Start of Task input
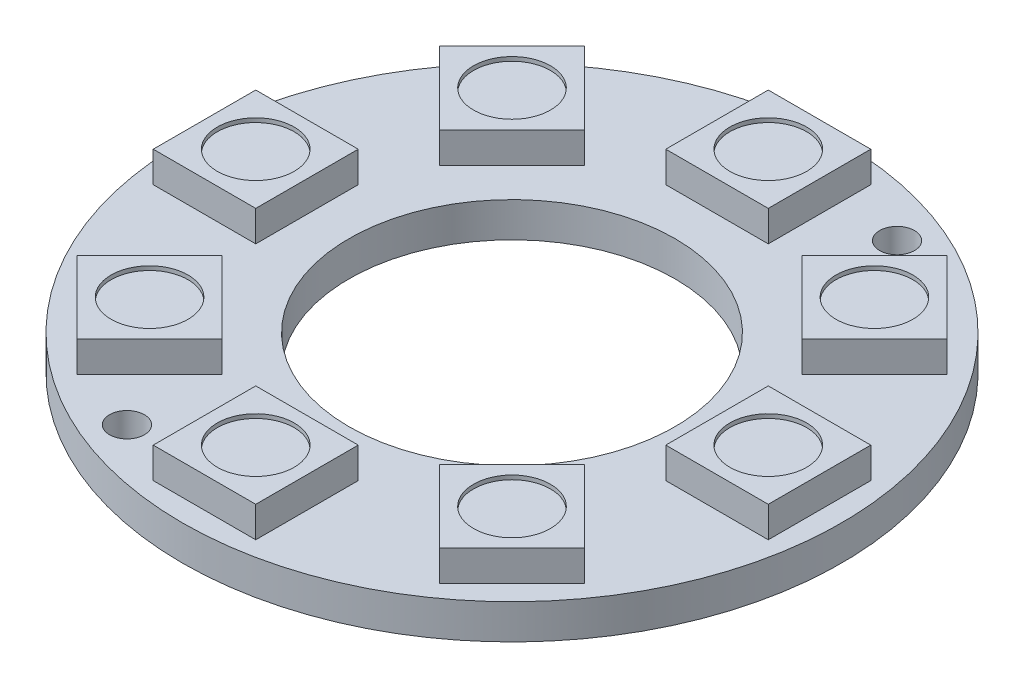
from build123d import *

# Parameters (mm, degrees)
ESQUISSE1_R                  = 16.075
ESQUISSE1_R_2                = 7.95
ESQUISSE1_R_3                = 0.85
BOSS_EXTRU_1_DEPTH           = 1.7
ESQUISSE3_W                  = 3
ESQUISSE3_H                  = 2
BOSS_EXTRU_2_DEPTH           = 0.1
ESQUISSE4_W                  = 5
ESQUISSE4_H                  = 5
BOSS_EXTRU_3_DEPTH           = 1.5
ESQUISSE5_R                  = 1.875
ENL_V_MAT_EXTRU_1_DEPTH      = 0.2
R_P_TITION_CIRCULAIRE1_COUNT = 8
ESQUISSE6_W                  = 0.108706013
ESQUISSE6_H                  = 1.211295573
BOSS_EXTRU_4_DEPTH           = 0.1


with BuildPart() as part:
    # Esquisse1 → Boss.-Extru.1 (new body)
    with BuildSketch(Plane(origin=(0, 0, 0), x_dir=(1, 0, 0), z_dir=(0, 1, 0))):
        with Locations(Location((0, 0, 0), (0, 0, 270))):
            Circle(ESQUISSE1_R)
        with Locations(Location((0, 0, 0), (0, 0, 270))):
            Circle(ESQUISSE1_R_2, mode=Mode.SUBTRACT)
        with Locations(Location((5.50107434, 13.28076828, 0), (0, 0, 270))):
            Circle(ESQUISSE1_R_3, mode=Mode.SUBTRACT)
        with Locations(Location((-5.50107434, -13.28076828, 0), (0, 0, 90))):
            Circle(ESQUISSE1_R_3, mode=Mode.SUBTRACT)
    extrude(amount=BOSS_EXTRU_1_DEPTH)

    # Esquisse3 → Boss.-Extru.2 (add)
    with BuildSketch(Plane.XZ):
        with Locations((-11.95, -4.5)):
            Rectangle(ESQUISSE3_W, ESQUISSE3_H)
        with Locations((-11.95, -1.5)):
            Rectangle(ESQUISSE3_W, ESQUISSE3_H)
        with Locations((-11.95, 1.5)):
            Rectangle(ESQUISSE3_W, ESQUISSE3_H)
        with Locations((-11.95, 4.5)):
            Rectangle(ESQUISSE3_W, ESQUISSE3_H)
    extrude(amount=BOSS_EXTRU_2_DEPTH)

    # Esquisse4 → Boss.-Extru.3 (add)
    with BuildSketch(Plane(origin=(0, 1.7, 0), x_dir=(1, 0, 0), z_dir=(0, 1, 0))):
        with Locations((0, 12.5)):
            Rectangle(ESQUISSE4_W, ESQUISSE4_H)
    boss_extru_3 = extrude(amount=BOSS_EXTRU_3_DEPTH)

    # Esquisse5 → Enlèv. mat.-Extru.1 (cut)
    with BuildSketch(Plane(origin=(0, 3.2, 0), x_dir=(1, 0, 0), z_dir=(0, 1, 0))):
        with Locations(Location((0, 12.5, 0), (0, 0, 270))):
            Circle(ESQUISSE5_R)
    enl_v_mat_extru_1 = extrude(amount=-ENL_V_MAT_EXTRU_1_DEPTH, mode=Mode.SUBTRACT)

    # Répétition circulaire1: Boss.-Extru.3, Enlèv. mat.-Extru.1 ×8 about axis
    r_p_tition_circulaire1_axis = Axis((0, 0, 0), (0, 1, 0))
    add([boss_extru_3.rotate(r_p_tition_circulaire1_axis, i * 360 / R_P_TITION_CIRCULAIRE1_COUNT) for i in range(1, R_P_TITION_CIRCULAIRE1_COUNT)])
    add([enl_v_mat_extru_1.rotate(r_p_tition_circulaire1_axis, i * 360 / R_P_TITION_CIRCULAIRE1_COUNT) for i in range(1, R_P_TITION_CIRCULAIRE1_COUNT)], mode=Mode.SUBTRACT)

    # Esquisse6 → Boss.-Extru.4 (add)
    # profile 1 of 9: a face of its own
    with BuildSketch(Plane.XZ):
        with BuildLine():
            Line((-15.094705696, -5.1), (-15.094705696, -3.888704427))
            Line((-15.094705696, -3.888704427), (-14.850117167, -3.888704427))
            add(Edge.make_bspline(
                [(-14.850117167, -3.888704427), (-14.828843706, -3.888857594), (-14.78774349, -3.889153511), (-14.72835109, -3.89102977), (-14.673398499, -3.894348881), (-14.623066449, -3.899183517), (-14.577216761, -3.905119915), (-14.53597782, -3.912560871), (-14.499136389, -3.921347322), (-14.476478433, -3.928838475), (-14.465763764, -3.93238095)],
                knots=[0, 0, 0, 0, 1.314313732, 2.53924729, 3.670748893, 4.714932338, 5.66265055, 6.526160246, 7.303039223, 8, 8, 8, 8], degree=3))
            add(Edge.make_bspline(
                [(-14.465763764, -3.93238095), (-14.451749164, -3.937721277), (-14.42403777, -3.948280831), (-14.384581677, -3.968200172), (-14.347438038, -3.990769412), (-14.312407666, -4.016018302), (-14.280290743, -4.044661756), (-14.249832579, -4.075483028), (-14.222279161, -4.10960292), (-14.197046733, -4.146313824), (-14.174296644, -4.185183278), (-14.15452167, -4.226137219), (-14.138098581, -4.268967664), (-14.124465198, -4.313555506), (-14.113720502, -4.359998785), (-14.106389764, -4.408351582), (-14.101554622, -4.458422799), (-14.101068702, -4.492399454), (-14.100822149, -4.509638997)],
                knots=[0, 0, 0, 0, 0.984719456, 1.947108742, 2.898477687, 3.838006223, 4.779231079, 5.722358779, 6.681677486, 7.655904652, 8.64651281, 9.637519902, 10.640069247, 11.656948941, 12.698408672, 13.768548281, 14.867775369, 16, 16, 16, 16], degree=3))
            add(Edge.make_bspline(
                [(-14.100822149, -4.509638997), (-14.101039825, -4.524611039), (-14.101468778, -4.554115011), (-14.105320461, -4.597597371), (-14.110918834, -4.639789762), (-14.119586241, -4.680491266), (-14.130108078, -4.720058485), (-14.143592965, -4.758069716), (-14.159040616, -4.794873655), (-14.17705427, -4.829972666), (-14.196830014, -4.863225627), (-14.218052516, -4.894572409), (-14.240699139, -4.923565711), (-14.264985834, -4.950293332), (-14.290598754, -4.974714982), (-14.317705587, -4.997034665), (-14.346376278, -5.01681566), (-14.376482415, -5.034835277), (-14.408902266, -5.050554555), (-14.444249901, -5.063854584), (-14.482676066, -5.074876202), (-14.524086439, -5.084071976), (-14.568552573, -5.091366503), (-14.616118062, -5.096255428), (-14.666709825, -5.099561549), (-14.701449528, -5.099851012), (-14.719330245, -5.1)],
                knots=[0, 0, 0, 0, 1.105936401, 2.179363191, 3.223086493, 4.248585256, 5.251745608, 6.245858792, 7.225916811, 8.198733463, 9.158002045, 10.082870192, 10.993790845, 11.873723703, 12.748670949, 13.606408763, 14.465103618, 15.319838547, 16.196477973, 17.123216899, 18.106603292, 19.147568657, 20.255746949, 21.433717677, 22.679120308, 24, 24, 24, 24], degree=3))
            Line((-14.719330245, -5.1), (-15.094705696, -5.1))
        make_face()
        with BuildLine():
            Line((-14.985999683, -4.975764557), (-14.846962751, -4.975764557))
            add(Edge.make_bspline(
                [(-14.846962751, -4.975764557), (-14.82698386, -4.975678694), (-14.788557135, -4.97551355), (-14.733301985, -4.974064424), (-14.682815394, -4.971696536), (-14.637090194, -4.96838275), (-14.596152202, -4.963998339), (-14.559915863, -4.95910993), (-14.528499957, -4.953019726), (-14.509489734, -4.947499347), (-14.500704982, -4.944948343)],
                knots=[0, 0, 0, 0, 1.375205317, 2.645023457, 3.804390687, 4.853969522, 5.800190428, 6.637939096, 7.370582563, 8, 8, 8, 8], degree=3))
            add(Edge.make_bspline(
                [(-14.500704982, -4.944948343), (-14.489648151, -4.941054354), (-14.46779858, -4.933359383), (-14.43634605, -4.919323007), (-14.407012969, -4.902696394), (-14.379288135, -4.884214697), (-14.353564835, -4.863226059), (-14.329538228, -4.840186875), (-14.307256688, -4.814979892), (-14.286950422, -4.787636396), (-14.268778115, -4.758326575), (-14.253041229, -4.727338577), (-14.239249234, -4.695011932), (-14.2284242, -4.660850227), (-14.219939737, -4.625158864), (-14.213930089, -4.587935331), (-14.210187281, -4.54918658), (-14.209750713, -4.522831514), (-14.209528162, -4.509396349)],
                knots=[0, 0, 0, 0, 0.998632004, 1.973411704, 2.929992603, 3.868527914, 4.809262121, 5.754881198, 6.702106254, 7.672490631, 8.653608572, 9.636854334, 10.631411391, 11.644891563, 12.686317036, 13.754757253, 14.855430412, 16, 16, 16, 16], degree=3))
            add(Edge.make_bspline(
                [(-14.209528162, -4.509396349), (-14.209705803, -4.495229908), (-14.210054779, -4.46739981), (-14.214441161, -4.426565065), (-14.220851183, -4.387291176), (-14.230120601, -4.349575518), (-14.241932767, -4.313344507), (-14.25667411, -4.278798527), (-14.27351687, -4.245572734), (-14.293556315, -4.214434006), (-14.315503466, -4.184984604), (-14.339860155, -4.15800562), (-14.366239417, -4.133435596), (-14.394353536, -4.110891893), (-14.424994849, -4.091281476), (-14.457441543, -4.073739604), (-14.49216962, -4.058852473), (-14.516330708, -4.050934454), (-14.528609427, -4.0469105)],
                knots=[0, 0, 0, 0, 1.122418816, 2.205001699, 3.251619955, 4.274784885, 5.280384055, 6.268708349, 7.249350384, 8.229342522, 9.199999885, 10.157847722, 11.105861043, 12.055065948, 13.010012805, 13.98527497, 14.976112212, 16, 16, 16, 16], degree=3))
            add(Edge.make_bspline(
                [(-14.528609427, -4.0469105), (-14.538767403, -4.04410153), (-14.560366045, -4.03812889), (-14.5956111, -4.031613722), (-14.635277621, -4.025867163), (-14.679541719, -4.021001894), (-14.728352936, -4.017510829), (-14.781748814, -4.014890515), (-14.83975243, -4.013123188), (-14.879961399, -4.013002506), (-14.900830463, -4.01293987)],
                knots=[0, 0, 0, 0, 0.674548936, 1.434276114, 2.292660221, 3.240891867, 4.284742987, 5.42552168, 6.663806718, 8, 8, 8, 8], degree=3))
            Line((-14.900830463, -4.01293987), (-14.985999683, -4.01293987))
            Line((-14.985999683, -4.01293987), (-14.985999683, -4.975764557))
        make_face(mode=Mode.SUBTRACT)
    # profile 2 of 9: a face of its own
    with BuildSketch(Plane.XZ):
        with Locations((-13.797998256, -4.494352214)):
            Rectangle(ESQUISSE6_W, ESQUISSE6_H)
    # profile 3 of 9: a face of its own
    with BuildSketch(Plane.XZ):
        Polygon((-14.413354701, -1.041666667), (-14.31159188, -1.041666667), (-13.958814103, -1.875697783), (-13.606036325, -1.041666667), (-13.504273504, -1.041666667), (-13.952029915, -2.1), (-13.965598291, -2.1), align=None)
    # profile 4 of 9: a face of its own
    with BuildSketch(Plane.XZ):
        with BuildLine():
            Line((-14.576175214, -1.041666667), (-14.576175214, -1.150213675))
            Line((-14.576175214, -1.150213675), (-14.936161191, -1.150213675))
            Line((-14.936161191, -1.150213675), (-14.993190772, -1.42857739))
            add(Edge.make_bspline(
                [(-14.993190772, -1.42857739), (-14.981985781, -1.425483951), (-14.960277884, -1.419490902), (-14.928237641, -1.412836776), (-14.897820474, -1.408825558), (-14.878082446, -1.408277852), (-14.868531317, -1.408012821)],
                knots=[0, 0, 0, 0, 1.100273476, 2.13160584, 3.095893838, 4, 4, 4, 4], degree=3))
            add(Edge.make_bspline(
                [(-14.868531317, -1.408012821), (-14.856713138, -1.408268615), (-14.833475647, -1.408771572), (-14.799476251, -1.413601155), (-14.767020828, -1.421202986), (-14.736177255, -1.431822763), (-14.706888469, -1.445402611), (-14.679423944, -1.462366164), (-14.653371433, -1.482182195), (-14.629198315, -1.504965092), (-14.607268346, -1.530039009), (-14.587986725, -1.556998651), (-14.571608989, -1.585582016), (-14.558437047, -1.6160622), (-14.547918927, -1.64810223), (-14.540918204, -1.682039225), (-14.536256485, -1.717553299), (-14.535735668, -1.741835872), (-14.535470085, -1.754218416)],
                knots=[0, 0, 0, 0, 1.052922333, 2.070308379, 3.05430497, 4.020497103, 4.973039431, 5.925935799, 6.892292201, 7.88610001, 8.88166317, 9.857072816, 10.836096531, 11.812156883, 12.81219415, 13.836441305, 14.89672472, 16, 16, 16, 16], degree=3))
            add(Edge.make_bspline(
                [(-14.535470085, -1.754218416), (-14.535671192, -1.762842992), (-14.536070686, -1.779975591), (-14.538102259, -1.805419194), (-14.542013773, -1.830324146), (-14.547265442, -1.854693751), (-14.55408184, -1.87848187), (-14.56233353, -1.901756594), (-14.572431853, -1.924373059), (-14.583508483, -1.946545261), (-14.595980632, -1.967771953), (-14.609823181, -1.987622956), (-14.624447984, -2.00639606), (-14.640184308, -2.023889927), (-14.657178418, -2.039989601), (-14.675224503, -2.054790629), (-14.694178564, -2.068543317), (-14.714333839, -2.080689414), (-14.735241209, -2.091866308), (-14.757202599, -2.101035568), (-14.779718096, -2.109233276), (-14.803111761, -2.115767585), (-14.827330604, -2.120887667), (-14.852414548, -2.12436523), (-14.878232036, -2.126898105), (-14.895732338, -2.127056661), (-14.904572316, -2.127136752)],
                knots=[0, 0, 0, 0, 1.056347294, 2.098418968, 3.122841568, 4.141288669, 5.149314143, 6.15115421, 7.162517403, 8.180376062, 9.185164535, 10.17417709, 11.141909838, 12.097768115, 13.052685741, 14.0056014, 14.954263652, 15.917497458, 16.885230207, 17.854509472, 18.828990115, 19.81800267, 20.826176721, 21.857883937, 22.917946725, 24, 24, 24, 24], degree=3))
            add(Edge.make_bspline(
                [(-14.904572316, -2.127136752), (-14.915117604, -2.126927856), (-14.935864212, -2.126516877), (-14.966259717, -2.122217478), (-14.995504371, -2.116059818), (-15.023362759, -2.106795993), (-15.050084546, -2.095188406), (-15.075309987, -2.08051804), (-15.099683638, -2.063893407), (-15.122214659, -2.044274824), (-15.14312615, -2.022831272), (-15.161845499, -1.999560747), (-15.178516843, -1.974847321), (-15.192873209, -1.948570974), (-15.205119039, -1.920800752), (-15.214739286, -1.891432606), (-15.222503931, -1.860619986), (-15.225788823, -1.839406901), (-15.227457265, -1.828632479)],
                knots=[0, 0, 0, 0, 1.0467383, 2.05933395, 3.04377827, 4.011590433, 4.970194871, 5.932262533, 6.905835911, 7.896367577, 8.894135286, 9.877477877, 10.858688626, 11.851381753, 12.8477658, 13.868841284, 14.917554742, 16, 16, 16, 16], degree=3))
            Line((-15.227457265, -1.828632479), (-15.132478632, -1.828632479))
            add(Edge.make_bspline(
                [(-15.132478632, -1.828632479), (-15.130141664, -1.838724882), (-15.125649881, -1.858123042), (-15.115790523, -1.885377043), (-15.103735842, -1.909664046), (-15.08940167, -1.931305325), (-15.072302018, -1.950176617), (-15.052789548, -1.966994157), (-15.030912974, -1.982166161), (-15.006603593, -1.994812569), (-14.980957733, -2.00559812), (-14.95411622, -2.01278018), (-14.926809905, -2.017830212), (-14.90834097, -2.018335721), (-14.899060163, -2.018589744)],
                knots=[0, 0, 0, 0, 1.136247022, 2.183929868, 3.172523383, 4.106158343, 5.02341133, 5.958108904, 6.928429099, 7.938127109, 8.96079061, 9.975095812, 10.982467395, 12, 12, 12, 12], degree=3))
            add(Edge.make_bspline(
                [(-14.899060163, -2.018589744), (-14.8900013, -2.018341556), (-14.872164325, -2.017852873), (-14.845914215, -2.014091552), (-14.820570798, -2.008298668), (-14.796384145, -1.99962945), (-14.772931013, -1.98909307), (-14.750804658, -1.975572083), (-14.729364979, -1.960011554), (-14.709278377, -1.942184192), (-14.690881686, -1.922538594), (-14.674626859, -1.901529953), (-14.661087173, -1.879118431), (-14.649677097, -1.855692025), (-14.641012886, -1.830993985), (-14.634831922, -1.805140058), (-14.631202426, -1.778066386), (-14.630703141, -1.75960019), (-14.630448718, -1.750190304)],
                knots=[0, 0, 0, 0, 1.027316725, 2.022795036, 3.002884548, 3.971462791, 4.93288096, 5.914575861, 6.907176829, 7.935150275, 8.956128384, 9.956726525, 10.942570165, 11.921478529, 12.907843606, 13.90538589, 14.932640048, 16, 16, 16, 16], degree=3))
            add(Edge.make_bspline(
                [(-14.630448718, -1.750190304), (-14.63064783, -1.741700732), (-14.631037562, -1.725083602), (-14.634221806, -1.700772413), (-14.63976051, -1.677769374), (-14.647448207, -1.655963403), (-14.657208915, -1.635333934), (-14.669136729, -1.615859675), (-14.683455494, -1.597797302), (-14.699811851, -1.581138363), (-14.717730354, -1.565763841), (-14.737519295, -1.552657415), (-14.758764559, -1.541631421), (-14.781210176, -1.532116098), (-14.805390038, -1.525282063), (-14.830825305, -1.520151297), (-14.857790643, -1.517183319), (-14.876227018, -1.51677151), (-14.885703793, -1.516559829)],
                knots=[0, 0, 0, 0, 1.045622112, 2.046656509, 3.013763289, 3.955457236, 4.890082067, 5.820317437, 6.762574623, 7.722996705, 8.69280354, 9.665887285, 10.63943826, 11.638615906, 12.663482002, 13.728887084, 14.832589034, 16, 16, 16, 16], degree=3))
            add(Edge.make_bspline(
                [(-14.885703793, -1.516559829), (-14.893907064, -1.516735389), (-14.910844738, -1.517097875), (-14.936826164, -1.51976684), (-14.964128662, -1.524072531), (-14.992647569, -1.529995039), (-15.022468532, -1.537745389), (-15.05352862, -1.547032868), (-15.085893138, -1.558136901), (-15.107700164, -1.566522595), (-15.118910256, -1.570833333)],
                knots=[0, 0, 0, 0, 0.817624296, 1.688186739, 2.600797293, 3.572016777, 4.590301741, 5.671205678, 6.80286297, 8, 8, 8, 8], degree=3))
            Line((-15.118910256, -1.570833333), (-15.010363248, -1.041666667))
            Line((-15.010363248, -1.041666667), (-14.576175214, -1.041666667))
        make_face()
    # profile 5 of 9: a face of its own
    with BuildSketch(Plane.XZ):
        with BuildLine():
            Line((-14.162339744, 0.9), (-14.162339744, 1.69375))
            Line((-14.162339744, 1.69375), (-14.002063301, 1.69375))
            add(Edge.make_bspline(
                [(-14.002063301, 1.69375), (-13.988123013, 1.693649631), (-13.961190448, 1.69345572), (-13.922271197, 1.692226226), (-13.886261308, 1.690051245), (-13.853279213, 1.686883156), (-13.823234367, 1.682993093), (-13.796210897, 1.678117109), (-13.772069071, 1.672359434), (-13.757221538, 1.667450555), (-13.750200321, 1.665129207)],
End of Task input
What you have to do: Copy out each line from the listing that contains the string "Enlèv".

Task response:
    # Esquisse5 → Enlèv. mat.-Extru.1 (cut)
    # Répétition circulaire1: Boss.-Extru.3, Enlèv. mat.-Extru.1 ×8 about axis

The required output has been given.